# 8 months since I kissed your face.



## Buddysmyheart (Dec 28, 2011)

Allie Bean was a sweetie, love her face! We would give anything to be able to kiss and hug our boys and girls again, wouldn't we? Missing my Buddy too, know just how you feel. ((HUGS))


----------



## mudEpawz (Jan 20, 2011)

what a sweet face. im sure she is looking down on you and smiling.


----------



## ssacres (Sep 29, 2012)

Buddysmyheart said:


> Allie Bean was a sweetie, love her face! We would give anything to be able to kiss and hug our boys and girls again, wouldn't we? Missing my Buddy too, know just how you feel. ((HUGS))


Wouldn't it be great if we could kiss and hug them again. Somedays my heart feels so totally broken. The aniversary of her death is always so hard but every day without them is hard.


----------



## maggie1951 (Apr 20, 2007)

ssacres said:


> Wouldn't it be great if we could kiss and hug them again. Somedays my heart feels so totally broken. The aniversary of her death is always so hard but every day without them is hard.

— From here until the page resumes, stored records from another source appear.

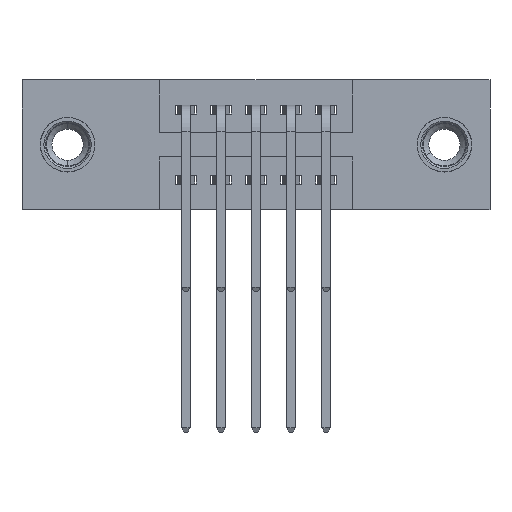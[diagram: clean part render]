
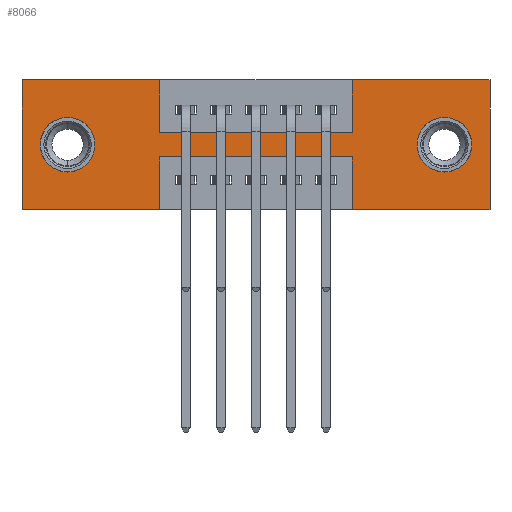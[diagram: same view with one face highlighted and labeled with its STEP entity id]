
A CAD part, front view. The second image highlights one B-rep face of the part: STEP entity #8066.
In plain terms, the highlighted planar face has unit normal (0, -1, 0).
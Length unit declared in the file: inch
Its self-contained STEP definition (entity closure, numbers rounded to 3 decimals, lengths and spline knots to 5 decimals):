
#124 = CARTESIAN_POINT ( 'NONE',  ( 0.13, 0., -0.107 ) ) ;
#285 = EDGE_CURVE ( 'NONE', #5624, #4382, #314, .T. ) ;
#314 = LINE ( 'NONE', #6345, #8420 ) ;
#387 = ORIENTED_EDGE ( 'NONE', *, *, #9266, .F. ) ;
#446 = CARTESIAN_POINT ( 'NONE',  ( 1.335, 0., 0. ) ) ;
#456 = VECTOR ( 'NONE', #890, 39.37008 ) ;
#556 = EDGE_CURVE ( 'NONE', #1943, #1924, #5445, .T. ) ;
#660 = CARTESIAN_POINT ( 'NONE',  ( 0.13, 0., -0.185 ) ) ;
#846 = LINE ( 'NONE', #3126, #1568 ) ;
#890 = DIRECTION ( 'NONE',  ( 0., 0., -1. ) ) ;
#943 = CIRCLE ( 'NONE', #5551, 0.078 ) ;
#991 = AXIS2_PLACEMENT_3D ( 'NONE', #660, #4293, #2564 ) ;
#1037 = CARTESIAN_POINT ( 'NONE',  ( 1.205, 0., -0.107 ) ) ;
#1059 = ORIENTED_EDGE ( 'NONE', *, *, #285, .F. ) ;
#1102 = EDGE_CURVE ( 'NONE', #2141, #6295, #6740, .T. ) ;
#1112 = LINE ( 'NONE', #446, #1966 ) ;
#1154 = DIRECTION ( 'NONE',  ( 0., 0., -1. ) ) ;
#1337 = ORIENTED_EDGE ( 'NONE', *, *, #6542, .F. ) ;
#1438 = CIRCLE ( 'NONE', #5416, 0.078 ) ;
#1516 = VERTEX_POINT ( 'NONE', #3893 ) ;
#1568 = VECTOR ( 'NONE', #9356, 39.37008 ) ;
#1778 = CARTESIAN_POINT ( 'NONE',  ( 0.9425, 0., -0.37 ) ) ;
#1865 = LINE ( 'NONE', #2783, #8841 ) ;
#1924 = VERTEX_POINT ( 'NONE', #8941 ) ;
#1943 = VERTEX_POINT ( 'NONE', #9131 ) ;
#1966 = VECTOR ( 'NONE', #10240, 39.37008 ) ;
#2069 = DIRECTION ( 'NONE',  ( -1., 0., 0. ) ) ;
#2093 = CARTESIAN_POINT ( 'NONE',  ( 0., 0., -0.37 ) ) ;
#2141 = VERTEX_POINT ( 'NONE', #4515 ) ;
#2258 = ORIENTED_EDGE ( 'NONE', *, *, #6096, .F. ) ;
#2370 = EDGE_CURVE ( 'NONE', #5806, #4892, #2661, .T. ) ;
#2421 = EDGE_CURVE ( 'NONE', #6821, #2141, #6537, .T. ) ;
#2564 = DIRECTION ( 'NONE',  ( 0., 0., 1. ) ) ;
#2661 = LINE ( 'NONE', #6543, #5100 ) ;
#2773 = DIRECTION ( 'NONE',  ( -1., 0., 0. ) ) ;
#2783 = CARTESIAN_POINT ( 'NONE',  ( 0.3925, 0., -0.15 ) ) ;
#2960 = VERTEX_POINT ( 'NONE', #124 ) ;
#2991 = VECTOR ( 'NONE', #6778, 39.37008 ) ;
#3007 = DIRECTION ( 'NONE',  ( -1., 0., 0. ) ) ;
#3012 = EDGE_CURVE ( 'NONE', #11773, #7939, #943, .T. ) ;
#3013 = VECTOR ( 'NONE', #3007, 39.37008 ) ;
#3015 = CARTESIAN_POINT ( 'NONE',  ( 1.205, 0., -0.185 ) ) ;
#3053 = CARTESIAN_POINT ( 'NONE',  ( 0.9425, 0., -0.37 ) ) ;
#3126 = CARTESIAN_POINT ( 'NONE',  ( 0., 0., 0. ) ) ;
#3303 = CARTESIAN_POINT ( 'NONE',  ( 0.3925, 0., -0.37 ) ) ;
#3607 = CARTESIAN_POINT ( 'NONE',  ( 0., 0., 0. ) ) ;
#3664 = EDGE_LOOP ( 'NONE', ( #7920, #7869 ) ) ;
#3737 = CARTESIAN_POINT ( 'NONE',  ( 0.13, 0., -0.185 ) ) ;
#3795 = ORIENTED_EDGE ( 'NONE', *, *, #1102, .F. ) ;
#3893 = CARTESIAN_POINT ( 'NONE',  ( 0.9425, 0., -0.15 ) ) ;
#3914 = DIRECTION ( 'NONE',  ( 0., -1., 0. ) ) ;
#3948 = VECTOR ( 'NONE', #6461, 39.37008 ) ;
#4037 = CARTESIAN_POINT ( 'NONE',  ( 0.9425, 0., 0. ) ) ;
#4293 = DIRECTION ( 'NONE',  ( 0., 1., 0. ) ) ;
#4382 = VERTEX_POINT ( 'NONE', #7331 ) ;
#4403 = AXIS2_PLACEMENT_3D ( 'NONE', #3737, #4655, #6509 ) ;
#4515 = CARTESIAN_POINT ( 'NONE',  ( 0.3925, 0., 0. ) ) ;
#4655 = DIRECTION ( 'NONE',  ( 0., 1., 0. ) ) ;
#4892 = VERTEX_POINT ( 'NONE', #5484 ) ;
#5100 = VECTOR ( 'NONE', #2773, 39.37008 ) ;
#5107 = VECTOR ( 'NONE', #8743, 39.37008 ) ;
#5134 = VERTEX_POINT ( 'NONE', #6933 ) ;
#5219 = EDGE_CURVE ( 'NONE', #7484, #2960, #8994, .T. ) ;
#5242 = DIRECTION ( 'NONE',  ( 0., 1., 0. ) ) ;
#5380 = DIRECTION ( 'NONE',  ( 1., 0., 0. ) ) ;
#5416 = AXIS2_PLACEMENT_3D ( 'NONE', #3015, #6614, #1154 ) ;
#5428 = VECTOR ( 'NONE', #2069, 39.37008 ) ;
#5433 = CARTESIAN_POINT ( 'NONE',  ( 0.3925, 0., 0. ) ) ;
#5445 = LINE ( 'NONE', #2093, #3013 ) ;
#5484 = CARTESIAN_POINT ( 'NONE',  ( 0.3925, 0., -0.22 ) ) ;
#5500 = VERTEX_POINT ( 'NONE', #1778 ) ;
#5508 = CARTESIAN_POINT ( 'NONE',  ( 0.3925, 0., -0.15 ) ) ;
#5551 = AXIS2_PLACEMENT_3D ( 'NONE', #10126, #5242, #7912 ) ;
#5624 = VERTEX_POINT ( 'NONE', #4037 ) ;
#5806 = VERTEX_POINT ( 'NONE', #10615 ) ;
#6044 = LINE ( 'NONE', #3053, #2991 ) ;
#6096 = EDGE_CURVE ( 'NONE', #6295, #1516, #1865, .T. ) ;
#6206 = EDGE_CURVE ( 'NONE', #5134, #5500, #7138, .T. ) ;
#6295 = VERTEX_POINT ( 'NONE', #5508 ) ;
#6345 = CARTESIAN_POINT ( 'NONE',  ( 0., 0., 0. ) ) ;
#6406 = ORIENTED_EDGE ( 'NONE', *, *, #9818, .F. ) ;
#6461 = DIRECTION ( 'NONE',  ( 1., 0., 0. ) ) ;
#6485 = ORIENTED_EDGE ( 'NONE', *, *, #5219, .T. ) ;
#6509 = DIRECTION ( 'NONE',  ( 0., 0., 1. ) ) ;
#6537 = LINE ( 'NONE', #3607, #3948 ) ;
#6542 = EDGE_CURVE ( 'NONE', #5500, #5806, #6044, .T. ) ;
#6543 = CARTESIAN_POINT ( 'NONE',  ( 0.3925, 0., -0.22 ) ) ;
#6576 = EDGE_CURVE ( 'NONE', #7939, #11773, #1438, .T. ) ;
#6614 = DIRECTION ( 'NONE',  ( 0., 1., 0. ) ) ;
#6740 = LINE ( 'NONE', #5433, #456 ) ;
#6778 = DIRECTION ( 'NONE',  ( 0., 0., 1. ) ) ;
#6821 = VERTEX_POINT ( 'NONE', #7726 ) ;
#6854 = DIRECTION ( 'NONE',  ( 0., 0., 1. ) ) ;
#6933 = CARTESIAN_POINT ( 'NONE',  ( 1.335, 0., -0.37 ) ) ;
#6958 = ORIENTED_EDGE ( 'NONE', *, *, #7185, .F. ) ;
#7138 = LINE ( 'NONE', #10275, #5428 ) ;
#7185 = EDGE_CURVE ( 'NONE', #1516, #5624, #9655, .T. ) ;
#7257 = FACE_BOUND ( 'NONE', #3664, .T. ) ;
#7331 = CARTESIAN_POINT ( 'NONE',  ( 1.335, 0., 0. ) ) ;
#7484 = VERTEX_POINT ( 'NONE', #10761 ) ;
#7496 = DIRECTION ( 'NONE',  ( 1., 0., 0. ) ) ;
#7726 = CARTESIAN_POINT ( 'NONE',  ( 0., 0., 0. ) ) ;
#7869 = ORIENTED_EDGE ( 'NONE', *, *, #3012, .T. ) ;
#7912 = DIRECTION ( 'NONE',  ( 0., 0., -1. ) ) ;
#7919 = ORIENTED_EDGE ( 'NONE', *, *, #2421, .F. ) ;
#7920 = ORIENTED_EDGE ( 'NONE', *, *, #6576, .T. ) ;
#7939 = VERTEX_POINT ( 'NONE', #1037 ) ;
#7968 = EDGE_LOOP ( 'NONE', ( #8078, #10206, #1337, #10150, #6406, #1059, #6958, #2258, #3795, #7919, #387, #8931 ) ) ;
#8066 = ADVANCED_FACE ( 'NONE', ( #7257, #9521, #9789 ), #10930, .T. ) ;
#8078 = ORIENTED_EDGE ( 'NONE', *, *, #9881, .F. ) ;
#8324 = EDGE_LOOP ( 'NONE', ( #10879, #6485 ) ) ;
#8420 = VECTOR ( 'NONE', #5380, 39.37008 ) ;
#8511 = LINE ( 'NONE', #3303, #5107 ) ;
#8513 = CARTESIAN_POINT ( 'NONE',  ( 0., 0., -0.37 ) ) ;
#8592 = CARTESIAN_POINT ( 'NONE',  ( 1.205, 0., -0.263 ) ) ;
#8743 = DIRECTION ( 'NONE',  ( 0., 0., -1. ) ) ;
#8775 = EDGE_CURVE ( 'NONE', #2960, #7484, #9673, .T. ) ;
#8841 = VECTOR ( 'NONE', #7496, 39.37008 ) ;
#8931 = ORIENTED_EDGE ( 'NONE', *, *, #556, .F. ) ;
#8941 = CARTESIAN_POINT ( 'NONE',  ( 0., 0., -0.37 ) ) ;
#8994 = CIRCLE ( 'NONE', #991, 0.078 ) ;
#9107 = AXIS2_PLACEMENT_3D ( 'NONE', #8513, #3914, #10247 ) ;
#9131 = CARTESIAN_POINT ( 'NONE',  ( 0.3925, 0., -0.37 ) ) ;
#9266 = EDGE_CURVE ( 'NONE', #1924, #6821, #846, .T. ) ;
#9356 = DIRECTION ( 'NONE',  ( 0., 0., 1. ) ) ;
#9373 = VECTOR ( 'NONE', #6854, 39.37008 ) ;
#9521 = FACE_BOUND ( 'NONE', #8324, .T. ) ;
#9655 = LINE ( 'NONE', #10347, #9373 ) ;
#9673 = CIRCLE ( 'NONE', #4403, 0.078 ) ;
#9789 = FACE_OUTER_BOUND ( 'NONE', #7968, .T. ) ;
#9818 = EDGE_CURVE ( 'NONE', #4382, #5134, #1112, .T. ) ;
#9881 = EDGE_CURVE ( 'NONE', #4892, #1943, #8511, .T. ) ;
#10126 = CARTESIAN_POINT ( 'NONE',  ( 1.205, 0., -0.185 ) ) ;
#10150 = ORIENTED_EDGE ( 'NONE', *, *, #6206, .F. ) ;
#10206 = ORIENTED_EDGE ( 'NONE', *, *, #2370, .F. ) ;
#10240 = DIRECTION ( 'NONE',  ( 0., 0., -1. ) ) ;
#10247 = DIRECTION ( 'NONE',  ( 0., 0., -1. ) ) ;
#10275 = CARTESIAN_POINT ( 'NONE',  ( 0., 0., -0.37 ) ) ;
#10347 = CARTESIAN_POINT ( 'NONE',  ( 0.9425, 0., 0. ) ) ;
#10615 = CARTESIAN_POINT ( 'NONE',  ( 0.9425, 0., -0.22 ) ) ;
#10761 = CARTESIAN_POINT ( 'NONE',  ( 0.13, 0., -0.263 ) ) ;
#10879 = ORIENTED_EDGE ( 'NONE', *, *, #8775, .T. ) ;
#10930 = PLANE ( 'NONE',  #9107 ) ;
#11773 = VERTEX_POINT ( 'NONE', #8592 ) ;
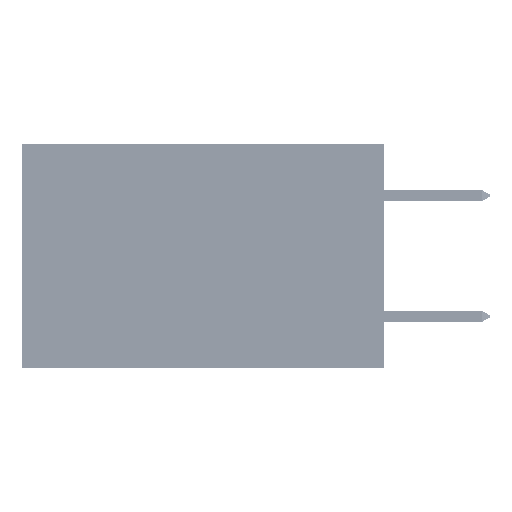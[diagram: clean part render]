
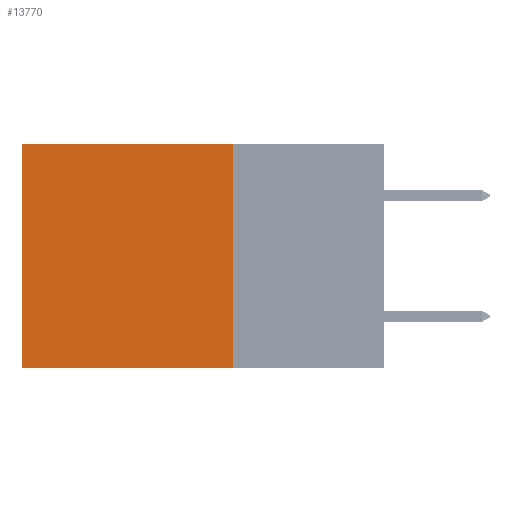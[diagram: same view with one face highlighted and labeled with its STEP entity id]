
A CAD part, left-side view. The second image highlights one B-rep face of the part: STEP entity #13770.
In plain terms, the highlighted planar face has unit normal (-1, 0, 0).
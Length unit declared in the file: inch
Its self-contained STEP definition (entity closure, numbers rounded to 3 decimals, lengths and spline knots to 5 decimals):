
#284 = CARTESIAN_POINT ( 'NONE',  ( 0.2875, 0.25, -0.37 ) ) ;
#592 = CARTESIAN_POINT ( 'NONE',  ( 0.2875, 0.25, 0. ) ) ;
#623 = DIRECTION ( 'NONE',  ( 0., 1., 0. ) ) ;
#1535 = CARTESIAN_POINT ( 'NONE',  ( 0.2875, 0.25, 0. ) ) ;
#2239 = DIRECTION ( 'NONE',  ( 0., 1., 0. ) ) ;
#2597 = DIRECTION ( 'NONE',  ( 0., 0., -1. ) ) ;
#2754 = ORIENTED_EDGE ( 'NONE', *, *, #34678, .F. ) ;
#3356 = EDGE_LOOP ( 'NONE', ( #33840, #2754, #19350, #12983 ) ) ;
#3851 = EDGE_CURVE ( 'NONE', #44461, #14892, #29850, .T. ) ;
#8623 = PLANE ( 'NONE',  #37218 ) ;
#12983 = ORIENTED_EDGE ( 'NONE', *, *, #32421, .T. ) ;
#13770 = ADVANCED_FACE ( 'NONE', ( #38524 ), #8623, .F. ) ;
#14269 = LINE ( 'NONE', #284, #23396 ) ;
#14892 = VERTEX_POINT ( 'NONE', #28576 ) ;
#19350 = ORIENTED_EDGE ( 'NONE', *, *, #3851, .F. ) ;
#21983 = VECTOR ( 'NONE', #41968, 39.37008 ) ;
#22498 = CARTESIAN_POINT ( 'NONE',  ( 0.2875, 0.6, 0. ) ) ;
#23396 = VECTOR ( 'NONE', #623, 39.37008 ) ;
#23566 = VECTOR ( 'NONE', #2239, 39.37008 ) ;
#28082 = EDGE_CURVE ( 'NONE', #38072, #47191, #48278, .T. ) ;
#28576 = CARTESIAN_POINT ( 'NONE',  ( 0.2875, 0.25, -0.37 ) ) ;
#29850 = LINE ( 'NONE', #41532, #32305 ) ;
#32305 = VECTOR ( 'NONE', #2597, 39.37008 ) ;
#32421 = EDGE_CURVE ( 'NONE', #44461, #38072, #33970, .T. ) ;
#33840 = ORIENTED_EDGE ( 'NONE', *, *, #28082, .T. ) ;
#33970 = LINE ( 'NONE', #45645, #23566 ) ;
#34678 = EDGE_CURVE ( 'NONE', #14892, #47191, #14269, .T. ) ;
#35959 = DIRECTION ( 'NONE',  ( 1., 0., 0. ) ) ;
#37218 = AXIS2_PLACEMENT_3D ( 'NONE', #592, #35959, #47928 ) ;
#38072 = VERTEX_POINT ( 'NONE', #43885 ) ;
#38524 = FACE_OUTER_BOUND ( 'NONE', #3356, .T. ) ;
#41532 = CARTESIAN_POINT ( 'NONE',  ( 0.2875, 0.25, 0. ) ) ;
#41968 = DIRECTION ( 'NONE',  ( 0., 0., -1. ) ) ;
#43885 = CARTESIAN_POINT ( 'NONE',  ( 0.2875, 0.6, 0. ) ) ;
#44461 = VERTEX_POINT ( 'NONE', #1535 ) ;
#45645 = CARTESIAN_POINT ( 'NONE',  ( 0.2875, 0.25, 0. ) ) ;
#46692 = CARTESIAN_POINT ( 'NONE',  ( 0.2875, 0.6, -0.37 ) ) ;
#47191 = VERTEX_POINT ( 'NONE', #46692 ) ;
#47928 = DIRECTION ( 'NONE',  ( 0., 0., -1. ) ) ;
#48278 = LINE ( 'NONE', #22498, #21983 ) ;

It sure would i miss my Naughty Charlie girl so much like you i would love to hold her again and kiss her lovely face


----------



## CAROLINA MOM (May 12, 2009)

ssacres said:


> Wouldn't it be great if we could kiss and hug them again. Somedays my heart feels so totally broken. The aniversary of her death is always so hard but every day without them is hard.


It sure is. I'm so sorry you're missing your sweet Allie so much. 

The second anniversary of my boy going to the Bridge was last week, it was a very sad day for us. I try to remember that he's still with us, sometimes I can feel him.


----------



## Karen519 (Aug 21, 2006)

*Allie Bean*

I just love that picture of sweet Allie Bean!
We never get over wanting another kiss!


----------



## Qontry (Feb 4, 2013)

Almost six weeks since we sent our beloved Kodiak to Rainbow Bridge. I hope Kodi found a new friend there in Allie.
*******************************************************
​


----------



## HolDaisy (Jan 10, 2012)

Thinking of you, Allie was such a sweet girl.


----------



## ssacres (Sep 29, 2012)

Qontry said:


> Almost six weeks since we sent our beloved Kodiak to Rainbow Bridge. I hope Kodi found a new friend there in Allie.
> *******************************************************
> 
> ​


 I just love the white faces of our beautiful seniors. There faces say so much. Sorry you lost your Kodiak.


----------



## goldensmum (Oct 23, 2007)

Allie will always be with you,​​Mom, please don't mourn for me
I'm still here, though you don't see.
I'm right by your side each night and day
and within your heart I long to stay.

My body is gone but I'm always near.
I'm everything you feel, see or hear.
My spirit is free, but I'll never depart
as long as you keep me alive in your heart.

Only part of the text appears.